Welcome back, Sarah. God has really been moving in your writing life. What do you see on the horizon?
God is truly amazing. I’m still marveling at His perfect timing. I went through five years of rejection letters, convinced I was ready. I wasn’t. He knew that all along. As for the horizon, I’ve signed a contract for another three-book series, but only God Himself knows what He’ll do with that or after that!
Tell us a little about your family.
My husband and I just celebrated twenty-two years of marriage. Our oldest son is a sophomore at UCLA majoring in mechanical engineering, our daughter is a junior in high school, and our youngest son is in eighth grade. We have a skittish but adorable cat, and a yellow lab named Daisy, whose antics drive me crazy but keep my Facebook friends amused.
Has your writing changed your reading habits? If so, how?
Absolutely. First of all, I read nonfiction books for research that I never would have glanced at a decade ago.

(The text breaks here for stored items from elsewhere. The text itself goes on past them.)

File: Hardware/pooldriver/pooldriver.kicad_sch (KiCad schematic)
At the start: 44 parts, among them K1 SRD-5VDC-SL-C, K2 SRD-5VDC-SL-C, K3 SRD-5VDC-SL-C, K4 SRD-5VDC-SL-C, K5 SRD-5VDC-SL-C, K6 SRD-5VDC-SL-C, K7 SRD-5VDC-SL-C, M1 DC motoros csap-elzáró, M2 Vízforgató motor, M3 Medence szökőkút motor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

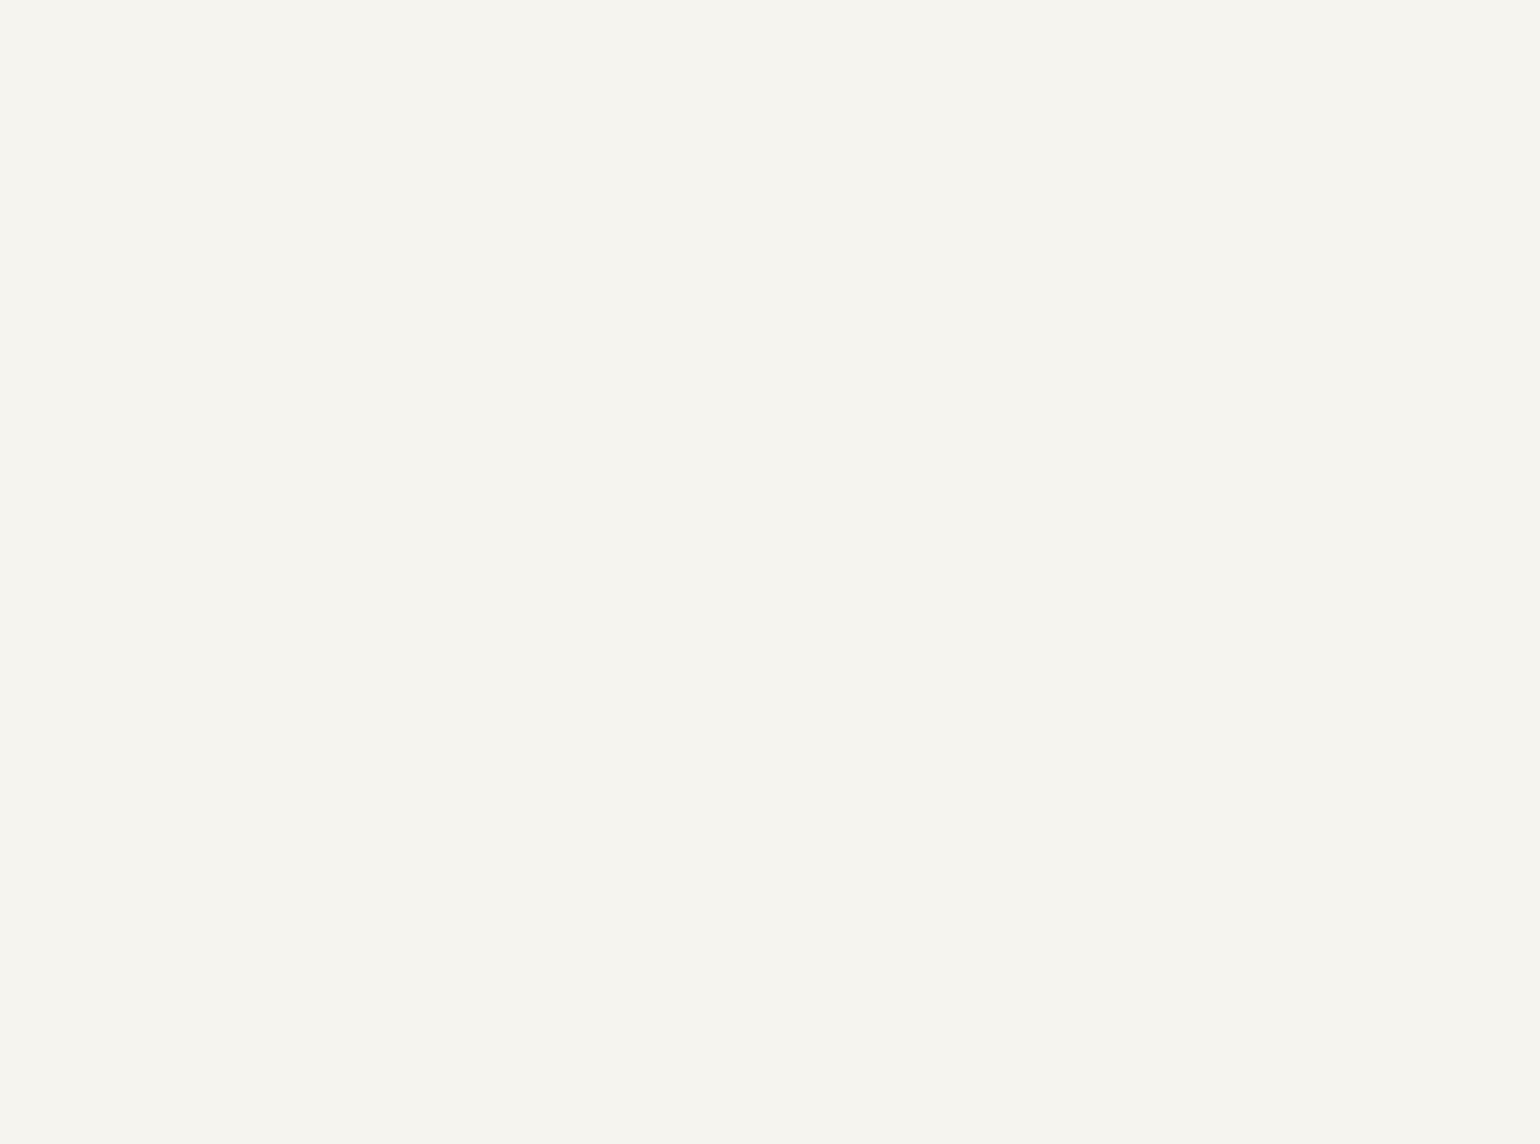
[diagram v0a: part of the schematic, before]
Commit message: mod: relay modules drivers
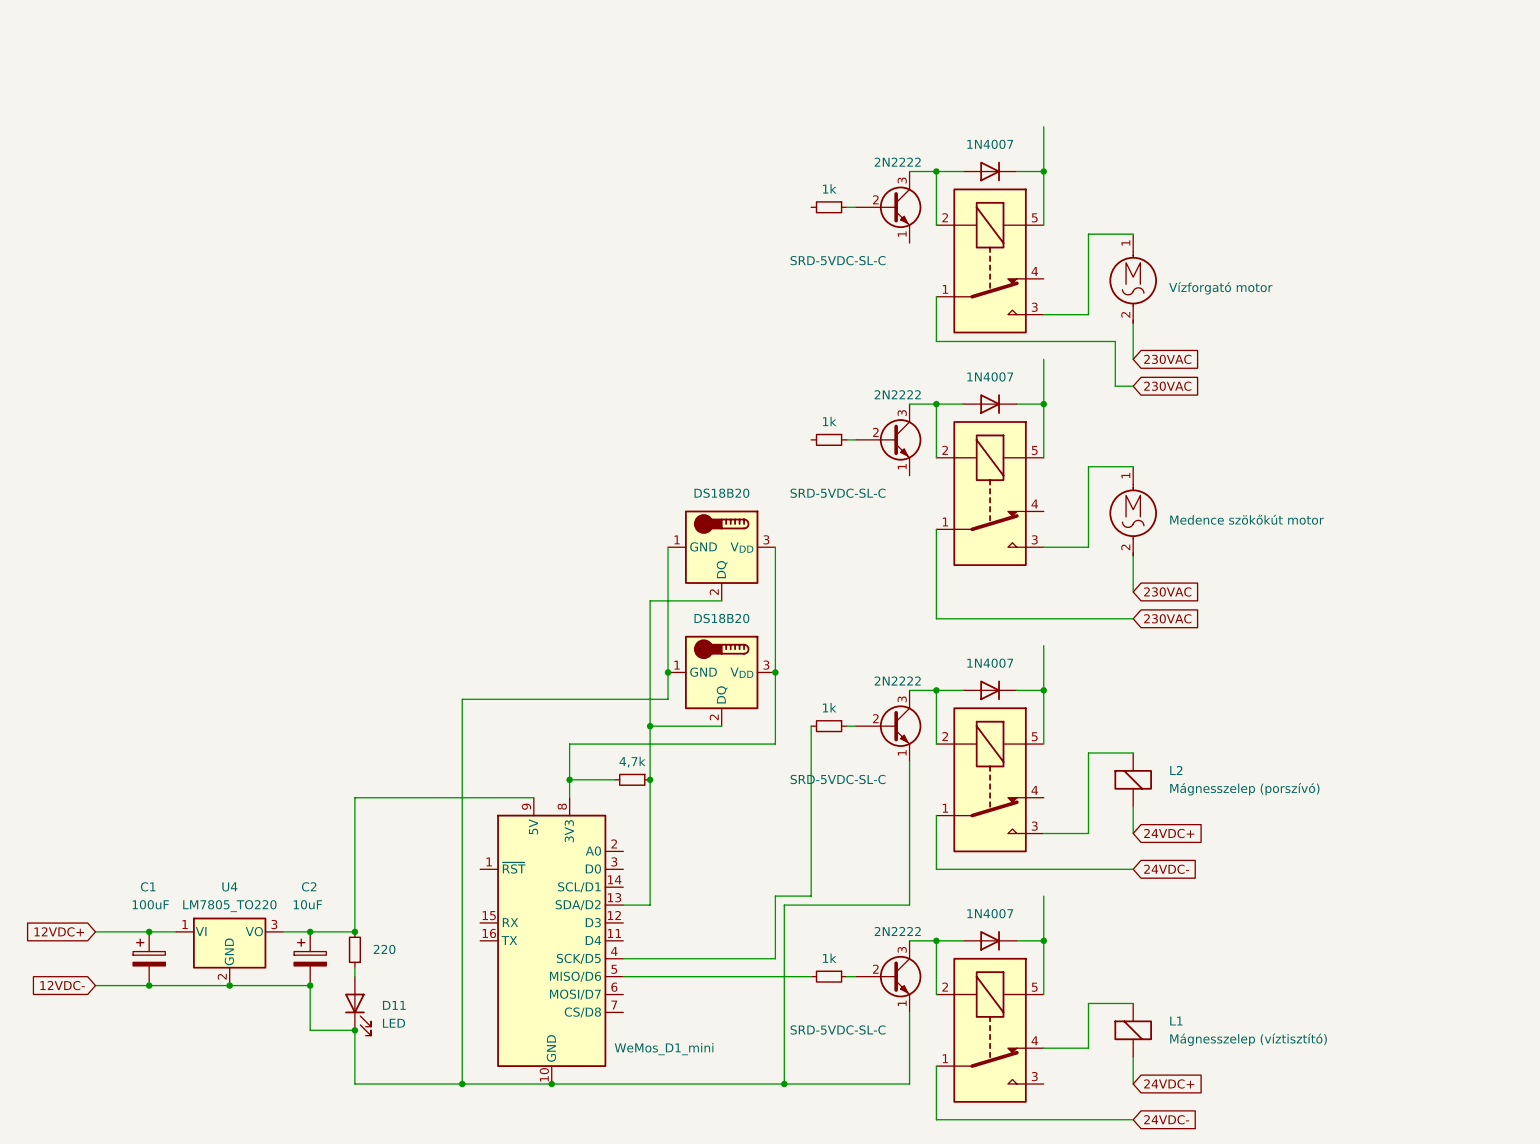
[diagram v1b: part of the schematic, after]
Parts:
- added C1: 100uF, symbol Device:C_Polarized
- added C2: 10uF, symbol Device:C_Polarized
- added D11: LED, symbol Device:LED
- added D12, D13, D14, D15: 1N4007, Diode_THT:D_DO-41_SOD81_P10.16mm_Horizontal, symbol Diode:1N4007
- added K10, K11, K8, K9: SRD-5VDC-SL-C, Relay_THT:Relay_SPDT_SANYOU_SRD_Series_Form_C, symbol Relay:SANYOU_SRD_Form_C
- added L1: Mágnesszelep (víztisztító), symbol Device:ElectromagneticActor
- added L2: Mágnesszelep (porszívó), symbol Device:ElectromagneticActor
- added M4: Vízforgató motor, symbol Motor:Motor_AC
- added M5: Medence szökőkút motor, symbol Motor:Motor_AC
- added Q10, Q11, Q8, Q9: 2N2222, Package_TO_SOT_THT:TO-39-3, symbol Transistor_BJT:2N2219
- added R12: 220, symbol Device:R_Small
- added R13: 4,7k, symbol Device:R_Small
- added R14, R15, R16, R17: 1k, symbol Device:R_Small
- added U4: LM7805_TO220, Package_TO_SOT_THT:TO-220-3_Vertical, symbol Regulator_Linear:LM7805_TO220
- added U6: WeMos_D1_mini, Module:WEMOS_D1_mini_light, symbol MCU_Module:WeMos_D1_mini
- added U7, U8: DS18B20, Package_TO_SOT_THT:TO-92_Inline, symbol Sensor_Temperature:DS18B20
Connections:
- net 12VDC+: now also C1.1, U4.1 (VI)
- net 12VDC-: now also C1.2, C2.2, D11.1 (K), Q8.1 (E), Q9.1 (E), U4.2 (GND), U6.10 (GND), U7.1 (GND), U8.1 (GND)
- net 230VAC: now also K10.1, K11.1, M4.2, M5.2
- new net: Q10.2 (B), R16.1
- new net: D14.2 (A), K10.2, Q10.3 (C)
- new net: D12.1 (K), K8.5
- new net: D12.2 (A), K8.2, Q8.3 (C)
- new net: K10.3, M4.1
- new net: D15.1 (K), K11.5
- new net: D15.2 (A), K11.2, Q11.3 (C)
- new net: K11.3, M5.1
- new net: D14.1 (K), K10.5
- new net: C2.1, R12.2, U4.3 (VO), U6.9 (5V)
- new net: R13.1, U6.13 (SDA/D2), U7.2 (DQ), U8.2 (DQ)
- new net: R13.2, U6.8 (3V3), U7.3 (V_{DD}), U8.3 (V_{DD})
- new net: R15.2, U6.4 (SCK/D5)
- new net: R14.2, U6.5 (MISO/D6)
- new net: Q11.2 (B), R17.1
- new net: K8.4, L1.1 (-)
- new net: Q9.2 (B), R15.1
- new net: D13.2 (A), K9.2, Q9.3 (C)
- new net: D11.2 (A), R12.1
- new net: K9.3, L2.1 (-)
- new net: D13.1 (K), K9.5
- new net: Q8.2 (B), R14.1
- new net 24VDC+: L1.2 (+), L2.2 (+)
- new net 24VDC-: K8.1, K9.1

Military history? The B-17 technical manual? Luftwaffe uniforms? My former self shakes her head at current self. Secondly, I’m reading more widely now. I’ve strayed past my old favorites of classics and women’s fiction to discover some fabulous voices in historical fiction and romance.
What are you working on right now?
I’m currently doing the final polish on the first book in my next series, which is due to my publisher September 1 and will come out Fall 2012. I’m also plotting the second book. This new series follows three World War II
flight nurses in the Mediterranean Theater.
What outside interests do you have?
Can you hear me laughing? With my kids’ outside interests, I live in my car. Thank goodness I find writing so relaxing and enjoyable. I used to do lots of sewing for myself, the home, and for my daughter when she was little and let me choose her clothes. Oddly, when I started writing, I lost my interest in sewing, as if the minuscule creative section of my brain could only handle one outlet at a time.
When my kids were in junior high, I had a t-shirt that said If woman's place is in the home, why am I always in my car? How do you choose your settings for each book?
For this series, I picked Home Front settings in towns I was familiar with, including my hometown, which made research convenient. I chose the English setting for two reasons—because the US Eighth Air Force was chockfull of fascinating stories (including my great-uncle’s—a B-17 pilot in the 94th Bombardment Group), and because I love England and thought it would appeal to readers as well. My husband’s frequent flyer miles allowed us to visit
. I was able to stroll the streets of Bury St. Edmunds and imagine my characters doing likewise. England
If you could spend an evening with one historical person, who would it be and why?
I don’t know how I could pick. In my research I’ve read so many stories of men and women, both famous and not, who modeled integrity and courage. My heart is drawn to spending an evening with my grandfather, Fred Stewart, who served as a pharmacist’s mate (medic) in the US Navy during World War II. He loved to tell stories, but he passed away before I started writing. I’d love to be able to hear those stories all over again and ask him more questions.
What a heritage! What is the one thing you wish you had known before you started writing novels?
Actually, I don’t wish I knew too much more than I did. If I knew how long it took the average writer to get published, I might have given up. If I knew how much research I’d have to do, I might not have written a historical novel. If I knew how much non-writing work I’d have to do as a writer, I might have stopped. I think the Lord let me have only as much information as I could handle at the time.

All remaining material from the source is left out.